In 1986, Japanese American veterans who had served in segregated units during World War II decided to create an organization committed to keeping alive their legacy of rising above prejudice and distrust to serve their country with unparalleled bravery and distinction.
Spearheaded by Colonel (Ret.) Young Oak Kim and Buddy Mamiya, the veterans embarked on a mission to build a monument as a lasting memorial to the patriotic men who served their country, even though their country had turned its back on their families.
In 1989 the organization was formally incorporated as the 100th/442nd/MIS WWII Memorial Foundation. For ten years, the veterans led a grassroots campaign to raise funds for the monument, and to secure a location in Los Angeles' Little Tokyo district.

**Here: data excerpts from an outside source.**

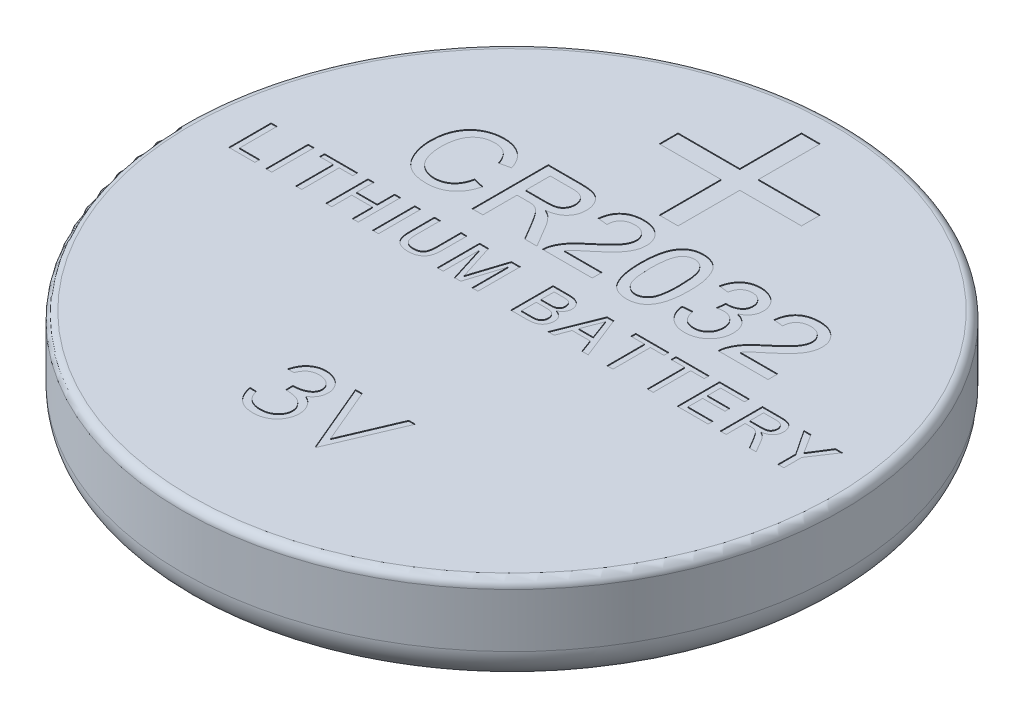
SolidWorks part; units mm, degrees
material "AISI 304"
ref_plane "Front Plane" through (0, 0, 0) normal (0, 0, 1) x (1, 0, 0)
ref_plane "Top Plane" through (0, 0, 0) normal (0, 1, 0) x (1, 0, 0)
ref_plane "Right Plane" through (0, 0, 0) normal (1, 0, 0) x (0, 0, -1)
sketch "Sketch1" plane through (0, 0, 0) normal (0, 1, 0) x (1, 0, 0)
  circle A0 centre (0, 0) radius 8.75
  dimension "D1" = 17.5
extrude "Boss-Extrude1" add sketch "Sketch1" along normal blind 3.2
sketch "Sketch7" plane through (0, 3.2, 0) normal (0, 1, 0) x (1, 0, 0)
  circle A0 centre (0, 0) radius 10
  dimension "D1" = 20
extrude "Boss-Extrude3" add sketch "Sketch7" against normal blind 2.9
sketch "Sketch3" plane through (0, 3.2, 0) normal (0, 1, 0) x (1, 0, 0)
  line L0 (0, 0) -> (0, -2.286) construction
  text T1 "+" font "Century Gothic" height in points 24
  dimension "D1" = 2.286
extrude "Cut-Extrude2" cut sketch "Sketch3" against normal blind 0.0254
fillet "Fillet3" radius 0.15 1 edges at (0, 0, 8.75)
fillet "Fillet5" radius 0.254 1 edges at (0, 3.2, 10)
fillet "Fillet4" radius 1.016 1 edges at (0, 0.3, 10)
sketch "Sketch8" plane through (0, 3.2, 0) normal (0, 1, 0) x (1, 0, 0)
  line L0 (8.0371, 2.0793) -> (-8.0371, 2.0793) construction
  text T0 "CR2032" font "Arial" height in points 9
sketch "Sketch9" plane through (0, 3.2, 0) normal (0, 1, 0) x (1, 0, 0)
  line L0 (8.89, 0) -> (-8.89, 0) construction
  text T0 "LITHIUM BATTERY" font "Arial" height in points 5
sketch "Sketch10" plane through (0, 0, 0) normal (0, -1, 0) x (-1, 0, 0)
  circle A0 centre (0, 0) radius 0.1905
  circle A1 centre (0.762, 0) radius 0.1905
  circle A2 centre (1.524, 0) radius 0.1905
  circle A3 centre (2.286, 0) radius 0.1905
  circle A4 centre (3.048, 0) radius 0.1905
  circle A5 centre (3.81, 0) radius 0.1905
  circle A6 centre (4.572, 0) radius 0.1905
  circle A7 centre (5.334, 0) radius 0.1905
  circle A8 centre (6.096, 0) radius 0.1905
  circle A9 centre (6.858, 0) radius 0.1905
  circle A10 centre (7.62, 0) radius 0.1905
  circle A11 centre (0.762, -0.762) radius 0.1905
  circle A12 centre (1.524, -0.762) radius 0.1905
  circle A13 centre (2.286, -0.762) radius 0.1905
  circle A14 centre (3.048, -0.762) radius 0.1905
  circle A15 centre (3.81, -0.762) radius 0.1905
  circle A16 centre (4.572, -0.762) radius 0.1905
  circle A17 centre (5.334, -0.762) radius 0.1905
  circle A18 centre (6.096, -0.762) radius 0.1905
  circle A19 centre (6.858, -0.762) radius 0.1905
  circle A20 centre (7.62, -0.762) radius 0.1905
  circle A21 centre (0.762, -1.524) radius 0.1905
  circle A22 centre (1.524, -1.524) radius 0.1905
  circle A23 centre (2.286, -1.524) radius 0.1905
  circle A24 centre (3.048, -1.524) radius 0.1905
  circle A25 centre (3.81, -1.524) radius 0.1905
  circle A26 centre (4.572, -1.524) radius 0.1905
  circle A27 centre (5.334, -1.524) radius 0.1905
  circle A28 centre (6.096, -1.524) radius 0.1905
  circle A29 centre (6.858, -1.524) radius 0.1905
  circle A30 centre (7.62, -1.524) radius 0.1905
  circle A31 centre (0.762, -2.286) radius 0.1905
  circle A32 centre (1.524, -2.286) radius 0.1905
  circle A33 centre (2.286, -2.286) radius 0.1905
  circle A34 centre (3.048, -2.286) radius 0.1905
  circle A35 centre (3.81, -2.286) radius 0.1905
  circle A36 centre (4.572, -2.286) radius 0.1905
  circle A37 centre (5.334, -2.286) radius 0.1905
  circle A38 centre (6.096, -2.286) radius 0.1905
  circle A39 centre (6.858, -2.286) radius 0.1905
  circle A40 centre (7.62, -2.286) radius 0.1905
  circle A41 centre (0.762, -3.048) radius 0.1905
  circle A42 centre (1.524, -3.048) radius 0.1905
  circle A43 centre (2.286, -3.048) radius 0.1905
  circle A44 centre (3.048, -3.048) radius 0.1905
  circle A45 centre (3.81, -3.048) radius 0.1905
  circle A46 centre (4.572, -3.048) radius 0.1905
  circle A47 centre (5.334, -3.048) radius 0.1905
  circle A48 centre (6.096, -3.048) radius 0.1905
  circle A49 centre (6.858, -3.048) radius 0.1905
  circle A50 centre (-0.762, 0) radius 0.1905
  circle A51 centre (0.762, -3.81) radius 0.1905
  circle A52 centre (1.524, -3.81) radius 0.1905
  circle A53 centre (2.286, -3.81) radius 0.1905
  circle A54 centre (3.048, -3.81) radius 0.1905
  circle A55 centre (3.81, -3.81) radius 0.1905
  circle A56 centre (4.572, -3.81) radius 0.1905
  circle A57 centre (5.334, -3.81) radius 0.1905
  circle A58 centre (6.096, -3.81) radius 0.1905
  circle A59 centre (6.858, -3.81) radius 0.1905
  circle A60 centre (-0.762, -0.762) radius 0.1905
  circle A61 centre (0.762, -4.572) radius 0.1905
  circle A62 centre (1.524, -4.572) radius 0.1905
  circle A63 centre (2.286, -4.572) radius 0.1905
  circle A64 centre (3.048, -4.572) radius 0.1905
  circle A65 centre (3.81, -4.572) radius 0.1905
  circle A66 centre (4.572, -4.572) radius 0.1905
  circle A67 centre (5.334, -4.572) radius 0.1905
  circle A68 centre (6.096, -4.572) radius 0.1905
  circle A69 centre (-0.762, -1.524) radius 0.1905
  circle A70 centre (-0.762, -2.286) radius 0.1905
  circle A71 centre (0.762, -5.334) radius 0.1905
  circle A72 centre (1.524, -5.334) radius 0.1905
  circle A73 centre (2.286, -5.334) radius 0.1905
  circle A74 centre (3.048, -5.334) radius 0.1905
  circle A75 centre (3.81, -5.334) radius 0.1905
  circle A76 centre (4.572, -5.334) radius 0.1905
  circle A77 centre (5.334, -5.334) radius 0.1905
  circle A78 centre (-0.762, -3.048) radius 0.1905
  circle A79 centre (-0.762, -3.81) radius 0.1905
  circle A80 centre (-0.762, -4.572) radius 0.1905
  circle A81 centre (0.762, -6.096) radius 0.1905
  circle A82 centre (1.524, -6.096) radius 0.1905
  circle A83 centre (2.286, -6.096) radius 0.1905
  circle A84 centre (3.048, -6.096) radius 0.1905
  circle A85 centre (3.81, -6.096) radius 0.1905
  circle A86 centre (4.572, -6.096) radius 0.1905
  circle A87 centre (-0.762, -5.334) radius 0.1905
  circle A88 centre (-0.762, -6.096) radius 0.1905
  circle A89 centre (-0.762, -6.858) radius 0.1905
  circle A90 centre (-0.762, -7.62) radius 0.1905
  circle A91 centre (0.762, -6.858) radius 0.1905
  circle A92 centre (1.524, -6.858) radius 0.1905
  circle A93 centre (2.286, -6.858) radius 0.1905
  circle A94 centre (3.048, -6.858) radius 0.1905
  circle A95 centre (3.81, -6.858) radius 0.1905
  circle A96 centre (-1.524, 0) radius 0.1905
  circle A97 centre (-1.524, -0.762) radius 0.1905
  circle A98 centre (-1.524, -1.524) radius 0.1905
  circle A99 centre (-1.524, -2.286) radius 0.1905
  circle A100 centre (-1.524, -3.048) radius 0.1905
  circle A101 centre (0.762, -7.62) radius 0.1905
  circle A102 centre (1.524, -7.62) radius 0.1905
  circle A103 centre (2.286, -7.62) radius 0.1905
  circle A104 centre (-1.524, -3.81) radius 0.1905
  circle A105 centre (-1.524, -4.572) radius 0.1905
  circle A106 centre (-1.524, -5.334) radius 0.1905
  circle A107 centre (-1.524, -6.096) radius 0.1905
  circle A108 centre (-1.524, -6.858) radius 0.1905
  circle A109 centre (-1.524, -7.62) radius 0.1905
  circle A110 centre (-2.286, 0) radius 0.1905
  circle A111 centre (0, -0.762) radius 0.1905
  circle A112 centre (0, -1.524) radius 0.1905
  circle A113 centre (0, -2.286) radius 0.1905
  circle A114 centre (0, -3.048) radius 0.1905
  circle A115 centre (0, -3.81) radius 0.1905
  circle A116 centre (0, -4.572) radius 0.1905
  circle A117 centre (0, -5.334) radius 0.1905
  circle A118 centre (0, -6.096) radius 0.1905
  circle A119 centre (0, -6.858) radius 0.1905
  circle A120 centre (0, -7.62) radius 0.1905
  circle A121 centre (7.62, -7.62) radius 0.1905 [skipped]
  circle A122 centre (6.858, -7.62) radius 0.1905 [skipped]
  circle A123 centre (7.62, -6.858) radius 0.1905 [skipped]
  circle A124 centre (7.62, -6.096) radius 0.1905 [skipped]
  circle A125 centre (6.858, -6.858) radius 0.1905 [skipped]
  circle A126 centre (6.096, -7.62) radius 0.1905 [skipped]
  circle A127 centre (6.096, -6.858) radius 0.1905 [skipped]
  circle A128 centre (5.334, -7.62) radius 0.1905 [skipped]
  circle A129 centre (4.572, -7.62) radius 0.1905 [skipped]
  circle A130 centre (3.81, -7.62) radius 0.1905 [skipped]
  circle A131 centre (5.334, -6.858) radius 0.1905 [skipped]
  circle A132 centre (6.096, -6.096) radius 0.1905 [skipped]
  circle A133 centre (6.858, -6.096) radius 0.1905 [skipped]
  circle A134 centre (6.858, -5.334) radius 0.1905 [skipped]
  circle A135 centre (7.62, -5.334) radius 0.1905 [skipped]
  circle A136 centre (7.62, -4.572) radius 0.1905 [skipped]
  circle A137 centre (7.62, -3.81) radius 0.1905 [skipped]
  circle A138 centre (6.858, -4.572) radius 0.1905 [skipped]
  circle A139 centre (7.62, -3.048) radius 0.1905 [skipped]
  circle A140 centre (6.096, -5.334) radius 0.1905 [skipped]
  circle A141 centre (5.334, -6.096) radius 0.1905 [skipped]
  circle A142 centre (4.572, -6.858) radius 0.1905 [skipped]
  circle A143 centre (3.048, -7.62) radius 0.1905 [skipped]
  circle A144 centre (-2.286, -0.762) radius 0.1905
  circle A145 centre (-2.286, -1.524) radius 0.1905
  circle A146 centre (-2.286, -2.286) radius 0.1905
  circle A147 centre (-2.286, -3.048) radius 0.1905
  circle A148 centre (-2.286, -3.81) radius 0.1905
  circle A149 centre (-2.286, -4.572) radius 0.1905
  circle A150 centre (-2.286, -5.334) radius 0.1905
  circle A151 centre (-2.286, -6.096) radius 0.1905
  circle A152 centre (-2.286, -6.858) radius 0.1905
  circle A153 centre (-2.286, -7.62) radius 0.1905
  circle A154 centre (-3.048, 0) radius 0.1905
  circle A155 centre (-3.048, -0.762) radius 0.1905
  circle A156 centre (-3.048, -1.524) radius 0.1905
  circle A157 centre (-3.048, -2.286) radius 0.1905
  circle A158 centre (-3.048, -3.048) radius 0.1905
  circle A159 centre (-3.048, -3.81) radius 0.1905
  circle A160 centre (-3.048, -4.572) radius 0.1905
  circle A161 centre (-3.048, -5.334) radius 0.1905
  circle A162 centre (-3.048, -6.096) radius 0.1905
  circle A163 centre (-3.048, -6.858) radius 0.1905
  circle A164 centre (0, 0.762) radius 0.1905
  circle A165 centre (-3.81, 0) radius 0.1905
  circle A166 centre (-3.81, -0.762) radius 0.1905
  circle A167 centre (-3.81, -1.524) radius 0.1905
  circle A168 centre (-3.81, -2.286) radius 0.1905
  circle A169 centre (-3.81, -3.048) radius 0.1905
  circle A170 centre (-3.81, -3.81) radius 0.1905
  circle A171 centre (-3.81, -4.572) radius 0.1905
  circle A172 centre (-3.81, -5.334) radius 0.1905
  circle A173 centre (-3.81, -6.096) radius 0.1905
  circle A174 centre (-3.81, -6.858) radius 0.1905
  circle A175 centre (0.762, 0.762) radius 0.1905
  circle A176 centre (-4.572, 0) radius 0.1905
  circle A177 centre (-4.572, -0.762) radius 0.1905
  circle A178 centre (-4.572, -1.524) radius 0.1905
  circle A179 centre (-4.572, -2.286) radius 0.1905
  circle A180 centre (-4.572, -3.048) radius 0.1905
  circle A181 centre (-4.572, -3.81) radius 0.1905
  circle A182 centre (-4.572, -4.572) radius 0.1905
  circle A183 centre (-4.572, -5.334) radius 0.1905
  circle A184 centre (-4.572, -6.096) radius 0.1905
  circle A185 centre (1.524, 0.762) radius 0.1905
  circle A186 centre (2.286, 0.762) radius 0.1905
  circle A187 centre (-5.334, 0) radius 0.1905
  circle A188 centre (-5.334, -0.762) radius 0.1905
  circle A189 centre (-5.334, -1.524) radius 0.1905
  circle A190 centre (-5.334, -2.286) radius 0.1905
  circle A191 centre (-5.334, -3.048) radius 0.1905
  circle A192 centre (-5.334, -3.81) radius 0.1905
  circle A193 centre (-5.334, -4.572) radius 0.1905
  circle A194 centre (-5.334, -5.334) radius 0.1905
  circle A195 centre (3.048, 0.762) radius 0.1905
  circle A196 centre (3.81, 0.762) radius 0.1905
  circle A197 centre (4.572, 0.762) radius 0.1905
  circle A198 centre (-6.096, 0) radius 0.1905
  circle A199 centre (-6.096, -0.762) radius 0.1905
  circle A200 centre (-6.096, -1.524) radius 0.1905
  circle A201 centre (-6.096, -2.286) radius 0.1905
  circle A202 centre (-6.096, -3.048) radius 0.1905
  circle A203 centre (-6.096, -3.81) radius 0.1905
  circle A204 centre (-6.096, -4.572) radius 0.1905
  circle A205 centre (5.334, 0.762) radius 0.1905
  circle A206 centre (6.096, 0.762) radius 0.1905
  circle A207 centre (6.858, 0.762) radius 0.1905
  circle A208 centre (7.62, 0.762) radius 0.1905
  circle A209 centre (-6.858, 0) radius 0.1905
  circle A210 centre (-6.858, -0.762) radius 0.1905
  circle A211 centre (-6.858, -1.524) radius 0.1905
  circle A212 centre (-6.858, -2.286) radius 0.1905
  circle A213 centre (-6.858, -3.048) radius 0.1905
  circle A214 centre (-6.858, -3.81) radius 0.1905
  circle A215 centre (-0.762, 0.762) radius 0.1905
  circle A216 centre (-1.524, 0.762) radius 0.1905
  circle A217 centre (-2.286, 0.762) radius 0.1905
  circle A218 centre (-3.048, 0.762) radius 0.1905
  circle A219 centre (-3.81, 0.762) radius 0.1905
  circle A220 centre (-7.62, 0) radius 0.1905
  circle A221 centre (-7.62, -0.762) radius 0.1905
  circle A222 centre (-7.62, -1.524) radius 0.1905
  circle A223 centre (-7.62, -2.286) radius 0.1905
  circle A224 centre (-4.572, 0.762) radius 0.1905
  circle A225 centre (-5.334, 0.762) radius 0.1905
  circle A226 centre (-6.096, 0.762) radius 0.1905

1998 was a watershed year as ground was broken for the monument, the Hanashi oral history program kicked off, and the organization held its first teacher training workshop.
DEDICATION OF THE MONUMENT
On June 5, 1999 the Go For Broke Monument, a black, 40-feet-wide granite circle reaching nine feet high, engraved with the names of 16,000+ Nisei soldiers who served overseas during World War II, was dedicated to a crowd of more than 1,500 veterans, family members, dignitaries, friends, and media. On the monument are carved the insignias of the 100th Infantry Battalion, 442nd Regimental Combat Team, Military Intelligence Service, 522nd Field Artillery Battalion, 232nd Combat Engineer Company, and the 1399th Engineer Construction Battalion.
Having completed their original mission of building the monument, the veterans established the Go For Broke National Education Foundation to focus on educational programs to preserve and perpetuate the veterans' story.
Over the years the organization has continued to develop is educational resources and outreach. We partnered with the Museum of Tolerance to tell the story of the Japanese American soldiers serving in the 522nd Field Artillery Battalion who were amongst the first to reach a Dachau sub-camp and render aid to the Jewish Holocaust survivors.
Our comprehensive video, "A Tradition of Honor," paired with curriculum guides tailored to meet state standards, has provided the backbone for our teacher workshops. In recent years, we have developed online curricula to support project based learning.
In 2006 we made a slight name change to the "Go For Broke National Education Center" to reflect our vision of nationwide educational outreach.
Today, we've completed over 1,100 veteran interviews, taught over 3,000 teachers and 100,000 students, and we continue to welcome tens of thousands of visitors to the Go For Broke Monument.